Will We Get A 2024 Season?

Apr 10, 2024 | 2024 Season | 0 comments

Unless you live outside of England, you can’t have failed to notice what a miserable winter and early spring we’ve experienced. The temperatures have been unusually mild, whilst it has spat, drizzled, rained, downpoured and absolutely chucked it down for what seems to have been a lifetime. Indeed, the months between October 2022 and March 2024 were the wettest 18 months on record in the UK.

The effect of all this rain is that the fields in Hampshire and Wiltshire, the two most circles prone counties in recent years, have taken quite a battering. For an example, look at this photograph taken at the end of March 2024, at Chute Causeway on the border between the counties. 

This isn’t an unusual sight. That silver patch in the right of the field isn’t a pond (that’s the area next to it with a scattering of trees), it’s a large puddle of standing water. More importantly, the crop growth on previous years’ tramlines is extremely patchy and could well affect the appearance of any circles should they appear here. And look at that largely bare area between the two tree clumps, though the sparse plant growth here is better than what we’ve seen in more than a few fields across Hampshire, Wiltshire, West Berkshire and Oxfordshire; there we have passed fields where more than a third of the seed seems to have been washed away.
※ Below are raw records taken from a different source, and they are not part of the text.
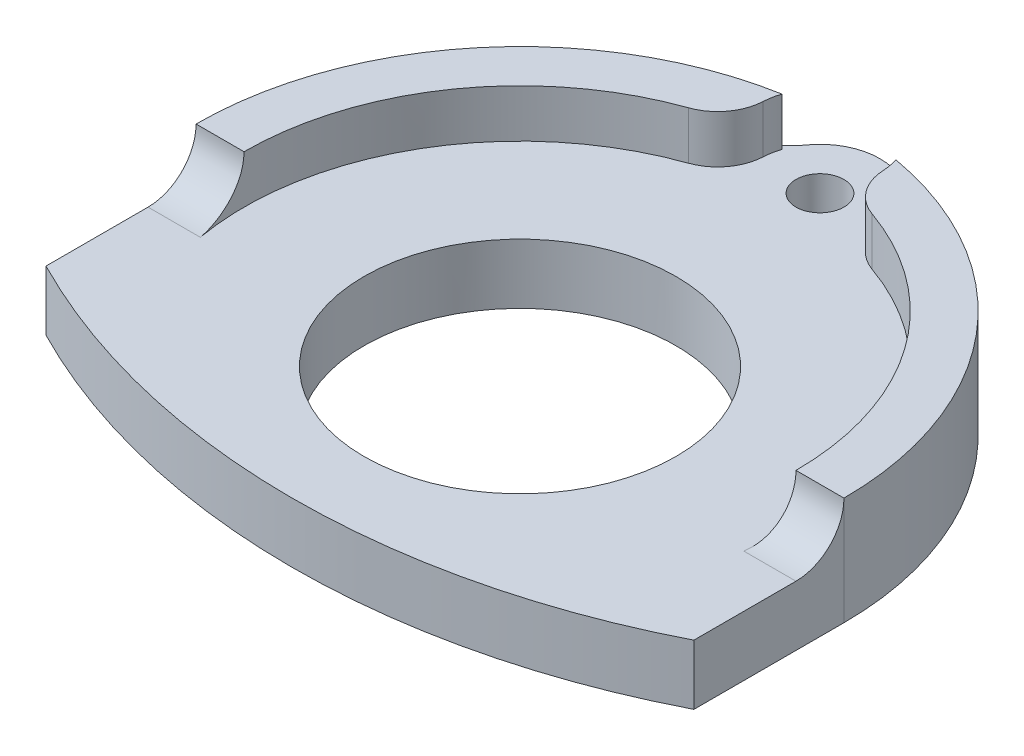
ISO-10303-21;
HEADER;
FILE_DESCRIPTION(('STEP AP214'),'2;1');
FILE_NAME('part.step','',(''),(''),'','','');
FILE_SCHEMA(('AUTOMOTIVE_DESIGN { 1 0 10303 214 1 1 1 1 }'));
ENDSEC;
DATA;
#1=APPLICATION_CONTEXT('core data for automotive mechanical design processes');
#2=APPLICATION_PROTOCOL_DEFINITION('international standard','automotive_design',2000,#1);
#3=PRODUCT_CONTEXT('',#1,'mechanical');
#4=PRODUCT('Part','Part','',(#3));
#5=PRODUCT_RELATED_PRODUCT_CATEGORY('part','',(#4));
#6=PRODUCT_DEFINITION_FORMATION('','',#4);
#7=PRODUCT_DEFINITION_CONTEXT('part definition',#1,'design');
#8=PRODUCT_DEFINITION('design','',#6,#7);
#9=PRODUCT_DEFINITION_SHAPE('','',#8);
#10=(LENGTH_UNIT() NAMED_UNIT(*) SI_UNIT(.MILLI.,.METRE.));
#11=(NAMED_UNIT(*) PLANE_ANGLE_UNIT() SI_UNIT($,.RADIAN.));
#12=(NAMED_UNIT(*) SI_UNIT($,.STERADIAN.) SOLID_ANGLE_UNIT());
#13=UNCERTAINTY_MEASURE_WITH_UNIT(LENGTH_MEASURE(1.E-05),#10,'distance_accuracy_value','');
#14=(GEOMETRIC_REPRESENTATION_CONTEXT(3) GLOBAL_UNCERTAINTY_ASSIGNED_CONTEXT((#13)) GLOBAL_UNIT_ASSIGNED_CONTEXT((#10,
#11,#12)) REPRESENTATION_CONTEXT('',''));
#15=CARTESIAN_POINT('',(0.,0.,0.));
#16=DIRECTION('',(0.,0.,1.));
#17=DIRECTION('',(1.,0.,0.));
#18=AXIS2_PLACEMENT_3D('',#15,#16,#17);
#19=CARTESIAN_POINT('',(0.,2.50000000000001,0.));
#20=DIRECTION('',(0.,-1.,0.));
#21=DIRECTION('',(0.,0.,-1.));
#22=AXIS2_PLACEMENT_3D('',#19,#20,#21);
#23=PLANE('',#22);
#24=CARTESIAN_POINT('',(0.,2.50000000000002,20.185));
#25=DIRECTION('',(0.,-1.,0.));
#26=DIRECTION('',(0.,0.,-1.));
#27=AXIS2_PLACEMENT_3D('',#24,#25,#26);
#28=CIRCLE('',#27,6.50000000000001);
#29=CARTESIAN_POINT('',(0.,2.50000000000001,13.685));
#30=VERTEX_POINT('',#29);
#31=EDGE_CURVE('E215',#30,#30,#28,.T.);
#32=ORIENTED_EDGE('',*,*,#31,.T.);
#33=EDGE_LOOP('',(#32));
#34=FACE_BOUND('',#33,.T.);
#35=CARTESIAN_POINT('',(0.,2.50000000000001,7.68500000000002));
#36=DIRECTION('',(0.,-1.,0.));
#37=DIRECTION('',(0.,0.,-1.));
#38=AXIS2_PLACEMENT_3D('',#35,#36,#37);
#39=CIRCLE('',#38,1.);
#40=CARTESIAN_POINT('',(0.,2.50000000000001,6.68500000000002));
#41=VERTEX_POINT('',#40);
#42=EDGE_CURVE('E237',#41,#41,#39,.T.);
#43=ORIENTED_EDGE('',*,*,#42,.T.);
#44=EDGE_LOOP('',(#43));
#45=FACE_BOUND('',#44,.T.);
#46=CARTESIAN_POINT('',(0.,2.50000000000002,20.185));
#47=DIRECTION('',(0.,-1.,0.));
#48=DIRECTION('',(0.,0.,1.));
#49=AXIS2_PLACEMENT_3D('',#46,#47,#48);
#50=CIRCLE('',#49,11.5);
#51=CARTESIAN_POINT('',(-11.3247516529061,2.50000000000002,22.1850000000001));
#52=VERTEX_POINT('',#51);
#53=CARTESIAN_POINT('',(-3.82832306316937,2.50000000000001,9.34092592592594));
#54=VERTEX_POINT('',#53);
#55=EDGE_CURVE('E193',#52,#54,#50,.T.);
#56=ORIENTED_EDGE('',*,*,#55,.F.);
#57=DIRECTION('',(1.,0.,0.));
#58=VECTOR('',#57,1.);
#59=CARTESIAN_POINT('',(-13.5000000000001,2.50000000000002,22.185));
#60=LINE('',#59,#58);
#61=CARTESIAN_POINT('',(-13.5,2.50000000000002,22.185));
#62=VERTEX_POINT('',#61);
#63=EDGE_CURVE('E282',#52,#62,#60,.F.);
#64=ORIENTED_EDGE('',*,*,#63,.T.);
#65=DIRECTION('',(0.,0.,-1.));
#66=VECTOR('',#65,1.);
#67=CARTESIAN_POINT('',(-13.5,2.50000000000002,26.4376478719269));
#68=LINE('',#67,#66);
#69=CARTESIAN_POINT('',(-13.5,2.50000000000002,26.4376478719269));
#70=VERTEX_POINT('',#69);
#71=EDGE_CURVE('E225',#70,#62,#68,.T.);
#72=ORIENTED_EDGE('',*,*,#71,.F.);
#73=CARTESIAN_POINT('',(0.,2.50000000000001,0.));
#74=DIRECTION('',(0.,-1.,0.));
#75=DIRECTION('',(0.,0.,-1.));
#76=AXIS2_PLACEMENT_3D('',#73,#74,#75);
#77=CIRCLE('',#76,29.685);
#78=CARTESIAN_POINT('',(13.5,2.50000000000002,26.4376478719269));
#79=VERTEX_POINT('',#78);
#80=EDGE_CURVE('E230',#79,#70,#77,.T.);
#81=ORIENTED_EDGE('',*,*,#80,.F.);
#82=DIRECTION('',(0.,0.,1.));
#83=VECTOR('',#82,1.);
#84=CARTESIAN_POINT('',(13.5,2.50000000000002,26.4376478719269));
#85=LINE('',#84,#83);
#86=CARTESIAN_POINT('',(13.5,2.50000000000002,22.185));
#87=VERTEX_POINT('',#86);
#88=EDGE_CURVE('E216',#87,#79,#85,.T.);
#89=ORIENTED_EDGE('',*,*,#88,.F.);
#90=DIRECTION('',(1.,0.,0.));
#91=VECTOR('',#90,1.);
#92=CARTESIAN_POINT('',(11.5,2.50000000000002,22.185));
#93=LINE('',#92,#91);
#94=CARTESIAN_POINT('',(11.3247516529061,2.50000000000002,22.185));
#95=VERTEX_POINT('',#94);
#96=EDGE_CURVE('E279',#87,#95,#93,.F.);
#97=ORIENTED_EDGE('',*,*,#96,.T.);
#98=CARTESIAN_POINT('',(0.,2.50000000000002,20.185));
#99=DIRECTION('',(0.,-1.,0.));
#100=DIRECTION('',(0.,0.,1.));
#101=AXIS2_PLACEMENT_3D('',#98,#99,#100);
#102=CIRCLE('',#101,11.5);
#103=CARTESIAN_POINT('',(3.82832306316937,2.50000000000001,9.34092592592595));
#104=VERTEX_POINT('',#103);
#105=EDGE_CURVE('E395',#104,#95,#102,.T.);
#106=ORIENTED_EDGE('',*,*,#105,.F.);
#107=CARTESIAN_POINT('',(4.49411837850317,2.50000000000001,7.45500000000002));
#108=DIRECTION('',(0.,1.,0.));
#109=DIRECTION('',(0.,0.,1.));
#110=AXIS2_PLACEMENT_3D('',#107,#108,#109);
#111=CIRCLE('',#110,2.);
#112=CARTESIAN_POINT('',(2.49673243250177,2.50000000000001,7.55722222222224));
#113=VERTEX_POINT('',#112);
#114=EDGE_CURVE('E176',#113,#104,#111,.T.);
#115=ORIENTED_EDGE('',*,*,#114,.F.);
#116=CARTESIAN_POINT('',(0.,2.50000000000001,7.68500000000002));
#117=DIRECTION('',(0.,-1.,0.));
#118=DIRECTION('',(0.,0.,1.));
#119=AXIS2_PLACEMENT_3D('',#116,#117,#118);
#120=CIRCLE('',#119,2.5);
#121=CARTESIAN_POINT('',(2.37189797419704,2.50000000000001,6.89500000000002));
#122=VERTEX_POINT('',#121);
#123=EDGE_CURVE('E172',#122,#113,#120,.T.);
#124=ORIENTED_EDGE('',*,*,#123,.F.);
#125=CARTESIAN_POINT('',(0.,2.50000000000002,20.185));
#126=DIRECTION('',(0.,-1.,0.));
#127=DIRECTION('',(0.,0.,-1.));
#128=AXIS2_PLACEMENT_3D('',#125,#126,#127);
#129=CIRCLE('',#128,13.5);
#130=CARTESIAN_POINT('',(3.22934120851282,2.50000000000001,7.07693548387099));
#131=VERTEX_POINT('',#130);
#132=EDGE_CURVE('E262',#131,#122,#129,.F.);
#133=ORIENTED_EDGE('',*,*,#132,.F.);
#134=CARTESIAN_POINT('',(3.70776212829249,2.50000000000001,5.13500000000002));
#135=DIRECTION('',(0.,-1.,0.));
#136=DIRECTION('',(0.,0.,-1.));
#137=AXIS2_PLACEMENT_3D('',#134,#135,#136);
#138=CIRCLE('',#137,2.);
#139=CARTESIAN_POINT('',(2.05986784905139,2.50000000000001,6.26833333333335));
#140=VERTEX_POINT('',#139);
#141=EDGE_CURVE('E284',#131,#140,#138,.T.);
#142=ORIENTED_EDGE('',*,*,#141,.T.);
#143=CARTESIAN_POINT('',(0.,2.50000000000001,7.68500000000002));
#144=DIRECTION('',(0.,-1.,0.));
#145=DIRECTION('',(0.,0.,-1.));
#146=AXIS2_PLACEMENT_3D('',#143,#144,#145);
#147=CIRCLE('',#146,2.5);
#148=CARTESIAN_POINT('',(-2.05986784905139,2.50000000000001,6.26833333333335));
#149=VERTEX_POINT('',#148);
#150=EDGE_CURVE('E220',#149,#140,#147,.T.);
#151=ORIENTED_EDGE('',*,*,#150,.F.);
#152=CARTESIAN_POINT('',(-3.70776212829249,2.50000000000001,5.13500000000002));
#153=DIRECTION('',(0.,-1.,0.));
#154=DIRECTION('',(0.,0.,-1.));
#155=AXIS2_PLACEMENT_3D('',#152,#153,#154);
#156=CIRCLE('',#155,2.);
#157=CARTESIAN_POINT('',(-3.22934120851282,2.50000000000001,7.07693548387099));
#158=VERTEX_POINT('',#157);
#159=EDGE_CURVE('E288',#149,#158,#156,.T.);
#160=ORIENTED_EDGE('',*,*,#159,.T.);
#161=CARTESIAN_POINT('',(0.,2.50000000000002,20.185));
#162=DIRECTION('',(0.,-1.,0.));
#163=DIRECTION('',(0.,0.,-1.));
#164=AXIS2_PLACEMENT_3D('',#161,#162,#163);
#165=CIRCLE('',#164,13.5);
#166=CARTESIAN_POINT('',(-2.37189797419704,2.50000000000001,6.89500000000002));
#167=VERTEX_POINT('',#166);
#168=EDGE_CURVE('E276',#167,#158,#165,.F.);
#169=ORIENTED_EDGE('',*,*,#168,.F.);
#170=CARTESIAN_POINT('',(0.,2.50000000000001,7.68500000000002));
#171=DIRECTION('',(0.,-1.,0.));
#172=DIRECTION('',(0.,0.,1.));
#173=AXIS2_PLACEMENT_3D('',#170,#171,#172);
#174=CIRCLE('',#173,2.5);
#175=CARTESIAN_POINT('',(-2.49673243250177,2.50000000000001,7.55722222222224));
#176=VERTEX_POINT('',#175);
#177=EDGE_CURVE('E182',#176,#167,#174,.T.);
#178=ORIENTED_EDGE('',*,*,#177,.F.);
#179=CARTESIAN_POINT('',(-4.49411837850317,2.50000000000001,7.45500000000002));
#180=DIRECTION('',(0.,1.,0.));
#181=DIRECTION('',(0.,0.,1.));
#182=AXIS2_PLACEMENT_3D('',#179,#180,#181);
#183=CIRCLE('',#182,2.);
#184=EDGE_CURVE('E178',#54,#176,#183,.T.);
#185=ORIENTED_EDGE('',*,*,#184,.F.);
#186=EDGE_LOOP('',(#56,#64,#72,#81,#89,#97,#106,#115,#124,#133,#142,#151,#160,#169,#178,#185));
#187=FACE_BOUND('',#186,.T.);
#188=ADVANCED_FACE('F33',(#34,#45,#187),#23,.F.);
#189=CARTESIAN_POINT('',(0.,-36.4588809482683,0.));
#190=DIRECTION('',(0.,1.,0.));
#191=DIRECTION('',(0.,0.,1.));
#192=AXIS2_PLACEMENT_3D('',#189,#190,#191);
#193=CYLINDRICAL_SURFACE('',#192,29.685);
#194=DIRECTION('',(0.,1.,0.));
#195=VECTOR('',#194,1.);
#196=CARTESIAN_POINT('',(-13.5,-36.4588809482683,26.4376478719269));
#197=LINE('',#196,#195);
#198=CARTESIAN_POINT('',(-13.5,0.,26.4376478719269));
#199=VERTEX_POINT('',#198);
#200=EDGE_CURVE('E229',#199,#70,#197,.T.);
#201=ORIENTED_EDGE('',*,*,#200,.F.);
#202=CARTESIAN_POINT('',(0.,0.,0.));
#203=DIRECTION('',(0.,1.,0.));
#204=DIRECTION('',(0.,0.,1.));
#205=AXIS2_PLACEMENT_3D('',#202,#203,#204);
#206=CIRCLE('',#205,29.685);
#207=CARTESIAN_POINT('',(13.5,0.,26.4376478719269));
#208=VERTEX_POINT('',#207);
#209=EDGE_CURVE('E240',#199,#208,#206,.T.);
#210=ORIENTED_EDGE('',*,*,#209,.T.);
#211=DIRECTION('',(0.,1.,0.));
#212=VECTOR('',#211,1.);
#213=CARTESIAN_POINT('',(13.5,-36.4588809482683,26.4376478719269));
#214=LINE('',#213,#212);
#215=EDGE_CURVE('E234',#208,#79,#214,.T.);
#216=ORIENTED_EDGE('',*,*,#215,.T.);
#217=ORIENTED_EDGE('',*,*,#80,.T.);
#218=EDGE_LOOP('',(#201,#210,#216,#217));
#219=FACE_BOUND('',#218,.T.);
#220=ADVANCED_FACE('F332',(#219),#193,.T.);
#221=CARTESIAN_POINT('',(-13.5,-36.4588809482683,26.4376478719269));
#222=DIRECTION('',(1.,0.,0.));
#223=DIRECTION('',(0.,0.,-1.));
#224=AXIS2_PLACEMENT_3D('',#221,#222,#223);
#225=PLANE('',#224);
#226=DIRECTION('',(0.,1.,0.));
#227=VECTOR('',#226,1.);
#228=CARTESIAN_POINT('',(-13.5,-36.4588809482683,20.185));
#229=LINE('',#228,#227);
#230=CARTESIAN_POINT('',(-13.5,0.,20.185));
#231=VERTEX_POINT('',#230);
#232=CARTESIAN_POINT('',(-13.5,4.50000000000002,20.185));
#233=VERTEX_POINT('',#232);
#234=EDGE_CURVE('E55',#231,#233,#229,.T.);
#235=ORIENTED_EDGE('',*,*,#234,.F.);
#236=DIRECTION('',(0.,0.,1.));
#237=VECTOR('',#236,1.);
#238=CARTESIAN_POINT('',(-13.5,0.,26.4376478719269));
#239=LINE('',#238,#237);
#240=EDGE_CURVE('E233',#231,#199,#239,.T.);
#241=ORIENTED_EDGE('',*,*,#240,.T.);
#242=ORIENTED_EDGE('',*,*,#200,.T.);
#243=ORIENTED_EDGE('',*,*,#71,.T.);
#244=CARTESIAN_POINT('',(-13.5,4.50000000000002,22.185));
#245=DIRECTION('',(1.,0.,0.));
#246=DIRECTION('',(0.,0.,-1.));
#247=AXIS2_PLACEMENT_3D('',#244,#245,#246);
#248=CIRCLE('',#247,2.);
#249=EDGE_CURVE('E300',#62,#233,#248,.T.);
#250=ORIENTED_EDGE('',*,*,#249,.T.);
#251=EDGE_LOOP('',(#235,#241,#242,#243,#250));
#252=FACE_BOUND('',#251,.T.);
#253=ADVANCED_FACE('F335',(#252),#225,.F.);
#254=CARTESIAN_POINT('',(0.,-36.4588809482683,20.185));
#255=DIRECTION('',(0.,1.,0.));
#256=DIRECTION('',(0.,0.,1.));
#257=AXIS2_PLACEMENT_3D('',#254,#255,#256);
#258=CYLINDRICAL_SURFACE('',#257,13.5);
#259=DIRECTION('',(0.,-1.,0.));
#260=VECTOR('',#259,1.);
#261=CARTESIAN_POINT('',(-2.37189797419704,4.50000000000001,6.89500000000002));
#262=LINE('',#261,#260);
#263=CARTESIAN_POINT('',(-2.37189797419704,4.50000000000001,6.89500000000002));
#264=VERTEX_POINT('',#263);
#265=EDGE_CURVE('E209',#264,#167,#262,.T.);
#266=ORIENTED_EDGE('',*,*,#265,.T.);
#267=ORIENTED_EDGE('',*,*,#168,.T.);
#268=DIRECTION('',(0.,1.,0.));
#269=VECTOR('',#268,1.);
#270=CARTESIAN_POINT('',(-3.22934120851282,-36.4588809482683,7.07693548387101));
#271=LINE('',#270,#269);
#272=CARTESIAN_POINT('',(-3.22934120851282,0.,7.07693548387099));
#273=VERTEX_POINT('',#272);
#274=EDGE_CURVE('E274',#158,#273,#271,.F.);
#275=ORIENTED_EDGE('',*,*,#274,.T.);
#276=CARTESIAN_POINT('',(0.,0.,20.185));
#277=DIRECTION('',(0.,1.,0.));
#278=DIRECTION('',(0.,0.,1.));
#279=AXIS2_PLACEMENT_3D('',#276,#277,#278);
#280=CIRCLE('',#279,13.5);
#281=EDGE_CURVE('E228',#273,#231,#280,.T.);
#282=ORIENTED_EDGE('',*,*,#281,.T.);
#283=ORIENTED_EDGE('',*,*,#234,.T.);
#284=CARTESIAN_POINT('',(0.,4.50000000000002,20.185));
#285=DIRECTION('',(0.,1.,0.));
#286=DIRECTION('',(0.,0.,1.));
#287=AXIS2_PLACEMENT_3D('',#284,#285,#286);
#288=CIRCLE('',#287,13.5);
#289=EDGE_CURVE('E195',#264,#233,#288,.T.);
#290=ORIENTED_EDGE('',*,*,#289,.F.);
#291=EDGE_LOOP('',(#266,#267,#275,#282,#283,#290));
#292=FACE_BOUND('',#291,.T.);
#293=ADVANCED_FACE('F339',(#292),#258,.T.);
#294=CARTESIAN_POINT('',(0.,-36.4588809482683,7.68500000000004));
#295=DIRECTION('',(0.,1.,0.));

It isn’t all bad news, though. Whilst there are ruined and patchy fields, there are also a fair number of those which still seem in reasonable condition. Take this example, again in the Hampshire-Wiltshire borderlands:

At the time of the photo being taken, the crop had still not reached full bloom. Even so, the field looks okay. 

From the above image, you may be wondering if the oilseed rape plants have flowered early and you would be correct to do so. However, the Crop Circle Center website shows that we’ve seen circles in this crop as early as 10 May (2000), exactly 24 years to the day that this article has been published. And then there’s the 14 April 2009 formation as well. These may be outliers but things currently aren’t as different in the fields of southern England than you may have thought. 

Hopefully 2024 will provide us with another crop circle season to get our teeth into. Whilst we’re not anticipating anything other than a trend-following season of low numbers, we still expect there to be a decent batch. But let’s see how long we have to wait.